Now that the loser bus has pulled out of B.A. Town (the B stands for Bad and the A stands for Ass!), it’s time to get down to business like a hooker making rent money. I’m gonna go ahead and give a shout out right now to all my Swansonites helping me reach 542 entries in this awesome Wordcast. Yeah, you know I hate that term diary because it implies you’re some kind of nancy-boy, and we ain’t none! Blog means boring and, damn straight as a real man’s dick, I ain’t boring. Wordcast is so much more accurate, ammirite? Podcast means you’re talking. Vidcast means you’re videoing. Wordcast means you’re writing! Because I’m awesome, you’re awesome Swansonites.

Look, I know I said we’d get down to business, but foreplay is appreciated sometimes. I mean, I do like a good blow job before hand.

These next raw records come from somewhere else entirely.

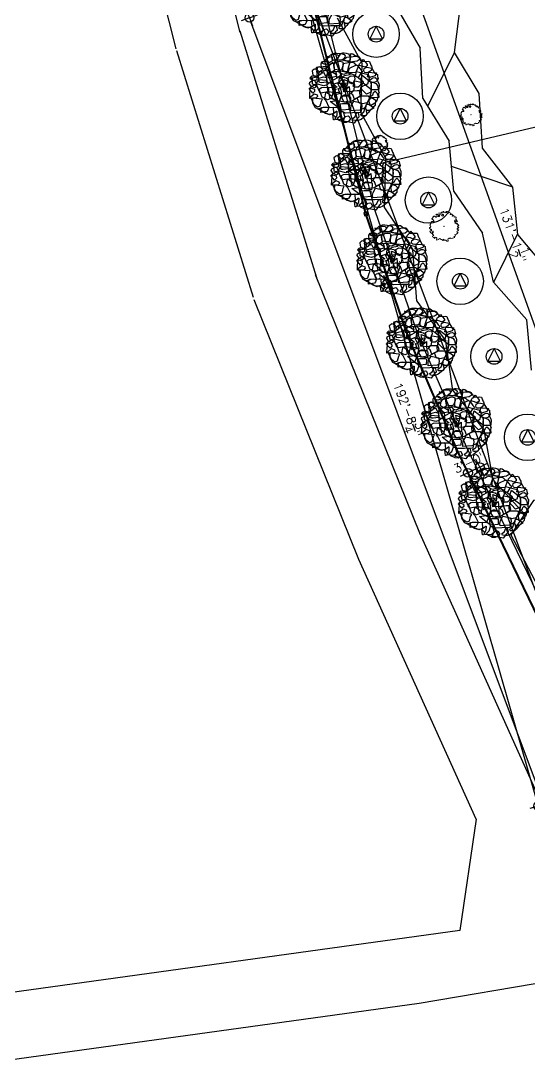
# Model space of a CAD drawing. Extents: x 2080 to 102399, y 2071 to 93424.
# Drawn here: x 75288 to 76678, y 73931 to 76802 of the extents above; entities that cross this region are included whole.
import ezdxf

# ---------------------------------------------------------------- set-up
doc = ezdxf.new("R2010")
doc.units = 0
doc.header["$LTSCALE"] = 20
doc.header["$MEASUREMENT"] = 0
doc.header["$PDMODE"] = 34
doc.header["$PDSIZE"] = 5
doc.linetypes.add('CENTERX2', pattern=[4, 2.5, -0.5, 0.5, -0.5])
for name, color, linetype, lineweight in [('ASPHALT', 9, 'CENTERX2', 25), ('fence', 13, 'FENCELINE2', 40), ('Mango tree', 96, 'Continuous', 5), ('sappotta', 114, 'Continuous', 5), ('STONE', 2, 'Continuous', 30)]:
    doc.layers.add(name, color=color, linetype=linetype, lineweight=lineweight)
doc.layers.add('correct', color=230, linetype='Continuous', plot=False)
for name, color, linetype in [('DIMLINE', 254, 'Continuous'), ('EARTH ROAD', 31, 'Continuous'), ('ELEC', 11, 'Continuous'), ('PLANTS', 3, 'Continuous'), ('proposed tree', 3, 'Continuous')]:
    doc.layers.add(name, color=color, linetype=linetype)
doc.styles.add('STYLE1', font='romans.shx')
doc.linetypes.add('FENCELINE2', pattern='A,0.25,-0.1,[132,ltypeshp.shx,S=0.1,R=0,X=-0.1,Y=0],-0.1,1', length=1.45)
doc.dimstyles.get("Standard").update_dxf_attribs({"dimtxt": 24, "dimasz": 12, "dimexe": 0.18, "dimexo": 0.0625, "dimgap": 0, "dimtad": 1, "dimzin": 1, "dimdsep": 46, "dimlunit": 4, "dimtxsty": 'STYLE1', "dimblk": 'BLK', "dimcen": 0, "dimse1": 1, "dimse2": 1, "dimclrt": 3, "dimazin": 0, "dimtfac": 1, "dimtix": 1, "dimtmove": 2, "dimatfit": 3, "dimldrblk": 'BLK', "dimfxl": 1, "dimtolj": 1, "dimtzin": 0, "dimarcsym": 0})

# ---------------------------------------------------------------- blocks, each defined once
blk = doc.blocks.new('NEEM')
at = {"layer": 'sappotta', "linetype": 'Continuous'}
for p, q in [((-0.517, 0.963), (-0.614, 0.901)), ((-0.614, 0.901), (-0.589, 0.87)), ((-0.589, 0.87), (-0.494, 0.884)), ((-0.521, 0.945), (-0.521, 0.945)), ((-0.449, 0.913), (-0.521, 0.945)), ((-0.494, 0.884), (-0.449, 0.913)), ((-0.415, 0.884), (-0.459, 0.839)), ((-0.459, 0.839), (-0.303, 0.837)), ((-0.32, 0.906), (-0.415, 0.884)), ((-0.359, 1.043), (-0.396, 1.016)), ((-0.396, 1.016), (-0.345, 1.011)), ((-0.303, 0.837), (-0.361, 0.762)), ((-0.345, 1.011), (-0.34, 1.039)), ((-0.23, 0.935), (-0.32, 0.906)), ((-0.213, 1.092), (-0.242, 1.007)), ((-0.242, 1.007), (-0.23, 0.935)), ((-0.191, 1.099), (-0.213, 1.092)), ((-0.177, 1.048), (-0.191, 1.099)), ((-0.043, 1.039), (-0.177, 1.048)), ((-0.108, 0.922), (-0.177, 0.872)), ((-0.177, 0.872), (-0.139, 0.809)), ((-0.139, 0.809), (-0.067, 0.78)), ((-0.027, 0.908), (-0.108, 0.922)), ((0.003, 1.132), (-0.083, 1.127)), ((-0.083, 1.127), (-0.023, 1.083)), ((-0.067, 0.78), (-0.034, 0.839)), ((-0.023, 1.083), (-0.043, 1.039)), ((-0.034, 0.839), (-0.027, 0.908)), ((0.03, 1.077), (0.003, 1.132)), ((0.114, 1.043), (0.03, 1.077)), ((0.216, 1.072), (0.114, 1.043)), ((0.162, 1.144), (0.142, 1.112)), ((0.142, 1.112), (0.216, 1.072)), ((0.283, 1.13), (0.162, 1.144)), ((0.267, 1.123), (0.283, 1.13)), ((0.351, 1.016), (0.267, 1.123)), ((0.421, 1.063), (0.351, 1.016)), ((0.473, 1.03), (0.421, 1.063)), ((0.472, 0.942), (0.501, 0.982)), ((0.483, 0.908), (0.472, 0.942)), ((0.501, 0.982), (0.473, 1.03)), ((0.581, 0.9), (0.483, 0.908)), ((0.551, 0.95), (0.581, 0.9)), ((0.627, 0.928), (0.551, 0.95)), ((0.616, 0.806), (0.654, 0.87)), ((0.66, 0.788), (0.616, 0.806)), ((0.654, 0.87), (0.627, 0.928)), ((0.715, 0.86), (0.66, 0.788)), ((0.762, 0.844), (0.715, 0.86)), ((0.783, 0.779), (0.762, 0.844)), ((-1.023, 0.208), (-1.062, 0.182)), ((-1.062, 0.182), (-1.02, 0.162)), ((-1.02, 0.162), (-1.049, 0.084)), ((-1.049, 0.084), (-1.017, 0.059)), ((-0.978, 0.229), (-1.023, 0.208)), ((-1.017, 0.059), (-0.991, -0.002)), ((-0.96, 0.366), (-0.994, 0.31)), ((-0.994, 0.31), (-0.961, 0.275)), ((-0.961, 0.275), (-0.978, 0.229)), ((-0.935, 0.345), (-0.96, 0.366)), ((-0.908, 0.372), (-0.935, 0.345)), ((-0.892, 0.613), (-0.923, 0.594)), ((-0.923, 0.594), (-0.895, 0.555)), ((-0.87, 0.389), (-0.908, 0.372)), ((-0.895, 0.555), (-0.868, 0.54)), ((-0.85, 0.638), (-0.892, 0.613)), ((-0.846, 0.386), (-0.87, 0.389)), ((-0.868, 0.54), (-0.818, 0.517)), ((-0.818, 0.692), (-0.85, 0.638)), ((-0.821, 0.367), (-0.846, 0.386)), ((-0.783, 0.757), (-0.83, 0.729)), ((-0.83, 0.729), (-0.826, 0.714)), ((-0.826, 0.714), (-0.818, 0.692)), ((-0.788, 0.359), (-0.821, 0.367)), ((-0.818, 0.517), (-0.752, 0.44)), ((-0.757, 0.361), (-0.788, 0.359)), ((-0.749, 0.774), (-0.783, 0.757)), ((-0.735, 0.394), (-0.757, 0.361)), ((-0.752, 0.44), (-0.735, 0.394)), ((-0.717, 0.789), (-0.749, 0.774)), ((-0.689, 0.772), (-0.717, 0.789)), ((-0.638, 0.758), (-0.689, 0.772)), ((-0.598, 0.672), (-0.638, 0.758)), ((-0.562, 0.699), (-0.598, 0.672)), ((-0.533, 0.776), (-0.562, 0.699)), ((-0.452, 0.75), (-0.533, 0.776)), ((-0.361, 0.762), (-0.452, 0.75)), ((0.02, 0.041), (-0.009, 0.024)), ((-0.009, 0.024), (0, 0)), ((0, 0), (0.014, 0.011)), ((0.014, 0.011), (0.027, 0.031)), ((0.776, 0.704), (0.783, 0.779)), ((0.888, 0.723), (0.776, 0.704)), ((0.804, 0.415), (0.84, 0.475)), ((0.86, 0.367), (0.804, 0.415)), ((0.829, 0.259), (0.888, 0.326)), ((0.838, 0.262), (0.829, 0.259)), ((0.931, 0.228), (0.838, 0.262)), ((0.84, 0.475), (0.934, 0.5)), ((0.933, 0.378), (0.86, 0.367)), ((0.924, 0.679), (0.888, 0.723)), ((0.888, 0.326), (0.93, 0.332)), ((0.917, 0.437), (0.904, 0.404)), ((0.904, 0.404), (0.933, 0.378)), ((0.913, 0.591), (0.924, 0.679)), ((0.964, 0.541), (0.913, 0.591)), ((0.942, 0.471), (0.917, 0.437)), ((0.93, 0.332), (1.018, 0.389)), ((0.962, 0.217), (0.931, 0.228)), ((0.934, 0.5), (0.964, 0.541)), ((1.014, 0.439), (0.942, 0.471)), ((1.025, 0.259), (0.962, 0.217)), ((0.996, 0.16), (1.025, 0.259)), ((1.046, 0.129), (0.996, 0.16)), ((1.018, 0.389), (1.014, 0.439)), ((1.029, 0.011), (1.074, 0.049)), ((1.074, -0.047), (1.029, 0.011)), ((1.109, 0.149), (1.046, 0.129)), ((1.074, 0.049), (1.137, 0.114)), ((1.137, 0.114), (1.109, 0.149)), ((-1.097, -0.077), (-1.098, -0.14)), ((-1.098, -0.14), (-1.044, -0.173)), ((-1.048, -0.062), (-1.097, -0.077)), ((-1.025, -0.325), (-1.052, -0.378)), ((-1.052, -0.378), (-0.982, -0.471)), ((-0.991, -0.002), (-1.048, -0.062)), ((-1.044, -0.173), (-1.007, -0.185)), ((-0.953, -0.336), (-1.025, -0.325)), ((-1.007, -0.185), (-0.992, -0.244)), ((-0.992, -0.244), (-0.937, -0.198)), ((-0.982, -0.471), (-0.91, -0.516)), ((-0.902, -0.318), (-0.953, -0.336)), ((-0.937, -0.198), (-0.93, -0.213)), ((-0.93, -0.213), (-0.902, -0.318)), ((-0.91, -0.516), (-0.888, -0.446)), ((-0.888, -0.446), (-0.848, -0.411)), ((-0.803, -0.452), (-0.853, -0.576)), ((-0.853, -0.576), (-0.797, -0.619)), ((-0.844, -0.71), (-0.852, -0.77)), ((-0.852, -0.77), (-0.758, -0.838)), ((-0.848, -0.411), (-0.837, -0.355)), ((-0.766, -0.668), (-0.844, -0.71)), ((-0.837, -0.355), (-0.803, -0.383)), ((-0.803, -0.383), (-0.803, -0.452)), ((-0.797, -0.619), (-0.766, -0.668)), ((-0.676, -0.836), (-0.649, -0.791)), ((-0.649, -0.791), (-0.582, -0.82)), ((0.751, -0.797), (0.797, -0.747)), ((0.797, -0.747), (0.887, -0.704)), ((0.826, -0.591), (0.943, -0.565)), ((0.887, -0.704), (0.826, -0.591)), ((0.943, -0.565), (1.032, -0.503)), ((0.992, -0.411), (1.004, -0.349)), ((1.066, -0.443), (0.992, -0.411)), ((1.004, -0.349), (1.045, -0.311)), ((1.007, -0.166), (1.046, -0.114)), ((1.016, -0.234), (1.007, -0.166)), ((1.11, -0.243), (1.016, -0.234)), ((1.032, -0.503), (1.061, -0.484)), ((1.045, -0.311), (1.083, -0.306)), ((1.046, -0.114), (1.1, -0.129)), ((1.061, -0.484), (1.066, -0.443)), ((1.129, -0.047), (1.074, -0.047)), ((1.083, -0.306), (1.137, -0.273)), ((1.1, -0.129), (1.129, -0.047)), ((1.137, -0.273), (1.11, -0.243)), ((-0.758, -0.838), (-0.675, -0.912)), ((-0.675, -0.912), (-0.676, -0.836)), ((-0.582, -0.82), (-0.534, -0.881)), ((-0.534, -0.881), (-0.554, -1.025)), ((-0.554, -1.025), (-0.486, -1.015)), ((-0.486, -1.015), (-0.413, -0.988)), ((-0.413, -0.988), (-0.401, -0.955)), ((-0.401, -0.955), (-0.302, -0.907)), ((-0.302, -0.907), (-0.286, -0.926)), ((-0.286, -0.926), (-0.197, -0.986)), ((-0.197, -0.986), (-0.157, -0.969)), ((-0.157, -0.969), (-0.078, -1.049)), ((-0.078, -1.049), (-0.006, -0.96)), ((-0.006, -0.96), (0.006, -1.017)), ((0.006, -1.017), (0.139, -1.026)), ((0.139, -1.026), (0.236, -1.115)), ((0.236, -1.115), (0.314, -1.096)), ((0.287, -0.982), (0.327, -0.932)), ((0.324, -1.046), (0.287, -0.982)), ((0.314, -1.096), (0.324, -1.046)), ((0.327, -0.932), (0.391, -0.879)), ((0.391, -0.879), (0.423, -0.897)), ((0.423, -0.897), (0.47, -0.86)), ((0.47, -0.86), (0.543, -0.896)), ((0.543, -0.896), (0.652, -0.871)), ((0.652, -0.871), (0.68, -0.867)), ((0.68, -0.867), (0.834, -0.828)), ((0.834, -0.828), (0.751, -0.797))]:
    blk.add_line(p, q, dxfattribs=at)
blk = doc.blocks.new('BLK')
for q in [(-2, 0), (0, 2), (0, -2), (2, 0)]:
    blk.add_line((0, 0), q)
blk.add_circle((0, 0), 1)
blk = doc.blocks.new('*D297')
at = {"layer": 'Defpoints', "color": 0, "linetype": 'Continuous', "ltscale": 0.5, "transparency": 16777216}
for p in [(76510.9, 75565.4), (76564, 75538.2), (76531.7, 75522.5)]:
    blk.add_point(p, dxfattribs=at)
at = {"layer": 'DIMLINE', "color": 0, "linetype": 'Continuous', "lineweight": -2, "ltscale": 0.5, "transparency": 16777216}
blk.add_line((76532.4, 75575.8), (76521.7, 75570.6), dxfattribs=at)
at = {"layer": 'DIMLINE', "color": 0, "linetype": 'Continuous', "lineweight": -2, "ltscale": 0.5, "transparency": 16777216, "xscale": 12, "yscale": 12, "zscale": 12}
for p, rotation in [((76543.2, 75581.1), 25.91979717843592), ((76510.9, 75565.4), 205.9197971784359)]:
    blk.add_blockref('BLK', p, dxfattribs=dict(at, rotation=rotation))
at = {"layer": 'DIMLINE', "color": 3, "linetype": 'Continuous', "ltscale": 0.5, "transparency": 16777216, "insert": (76516, 75594.7), "char_height": 24, "attachment_point": 5, "rotation": 25.9198, "style": 'STYLE1'}
blk.add_mtext('\\A1;3\'-0"', dxfattribs=at)
blk = doc.blocks.new('*D298')
at = {"layer": 'Defpoints', "color": 0, "linetype": 'Continuous', "ltscale": 0.5, "transparency": 16777216}
for p in [(76289.9, 76083.1), (76434.2, 75918.4), (76367.5, 75891.4)]:
    blk.add_point(p, dxfattribs=at)
at = {"layer": 'DIMLINE', "color": 0, "linetype": 'Continuous', "lineweight": -2, "ltscale": 0.5, "transparency": 16777216}
blk.add_line((76345.6, 76105.6), (76301.1, 76087.6), dxfattribs=at)
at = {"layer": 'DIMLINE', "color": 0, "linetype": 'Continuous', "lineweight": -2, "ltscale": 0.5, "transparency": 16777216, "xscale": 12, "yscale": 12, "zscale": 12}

So, I just got done with my lunch time work out, right, and I’m heading into Shibuya Nakano’s to get some additional protein while carbing up a little. SN has an amazing deal where you get their chicken teriyaki bowl with veggies and brown rice for like $13 with a drink. Hell of a deal! Well, I like this place and, as you know, me and the bro’s and the bra’s head here a lot while our muscles twitch with justice after a killer work out. Unfortunately today must have been fat-boy Friday! As soon as I walked in, there was some major fat body eating a large bowl. Dude was about 5’10” and must have weighed about 165lbs with 18% body fat! DISGUSTING! His chick wasn’t much better, either. She must have been around 5’4″ and weighed 105lbs, but only had double B’s. Yeah, what a loser, but I guess he can only get what he can afford looking the way he does.

Thankfully I have a pretty iron clad stomach so I didn’t completely lose my appetite. Sadly, there was a real pitiful looking twat taking orders. This dude was nasty. Yeah, I mean, he was like 5’6″! There’s no reason a man should be under 6′. Hit a god damn gym, puny man! I got my order as fast as possible to go and got the hell out of there.

Work was pretty uneventful, like usual. Come on, guys, there’s only so much that can happen when selling protein and other sups’. Obviously there were total desk jockeys coming in thinking they can magically have the kind of build I enjoy without the genetics I do. I’m all natty, bro!

Went out to eat with my chick and two of her friends. They totally want to nail me, but she won’t let me have a four way with them. Probably just nail them individually later during a BBQ or baby shower or something. The waiter totally pissed me off! When I told him what I wanted, he acted like I was begging for the world. How hard is it to understand I want a steak, all fat removed, four pieces of broccoli, two carrot slices, and a 1/8th cup of rice?! Seriously, he was all like, “Sir, the steak has fat marbled through it and the chief won’t be able to remove all of it.” So I’m all like, “GO FUCK YOUR MOTHER! Cut that shit! I know what fat in a steak looks like! I cut that shit out all the time at home! Why can’t you do your job and he do his job?!” That set the little prick straight and my steak came out just right. It was so juicy and damp, too. People say you can’t get a steak juicy without fat, but I say they haven’t put the fear of god into the restaurant people enough to get it. Whatever they do there I can’t figure out when I’m at home, however, so I usually coat it in extra-extra virgin (how I like my women!) olive oil. I handled that situation appropriately, if you ask me, and I know you did. I may be nicknamed “The Jerk”, but I’m not without compassion.

There you have my day, Swansonites! I look forward to giving you another positive Wordcast again in the near future. Keep being awesome like me!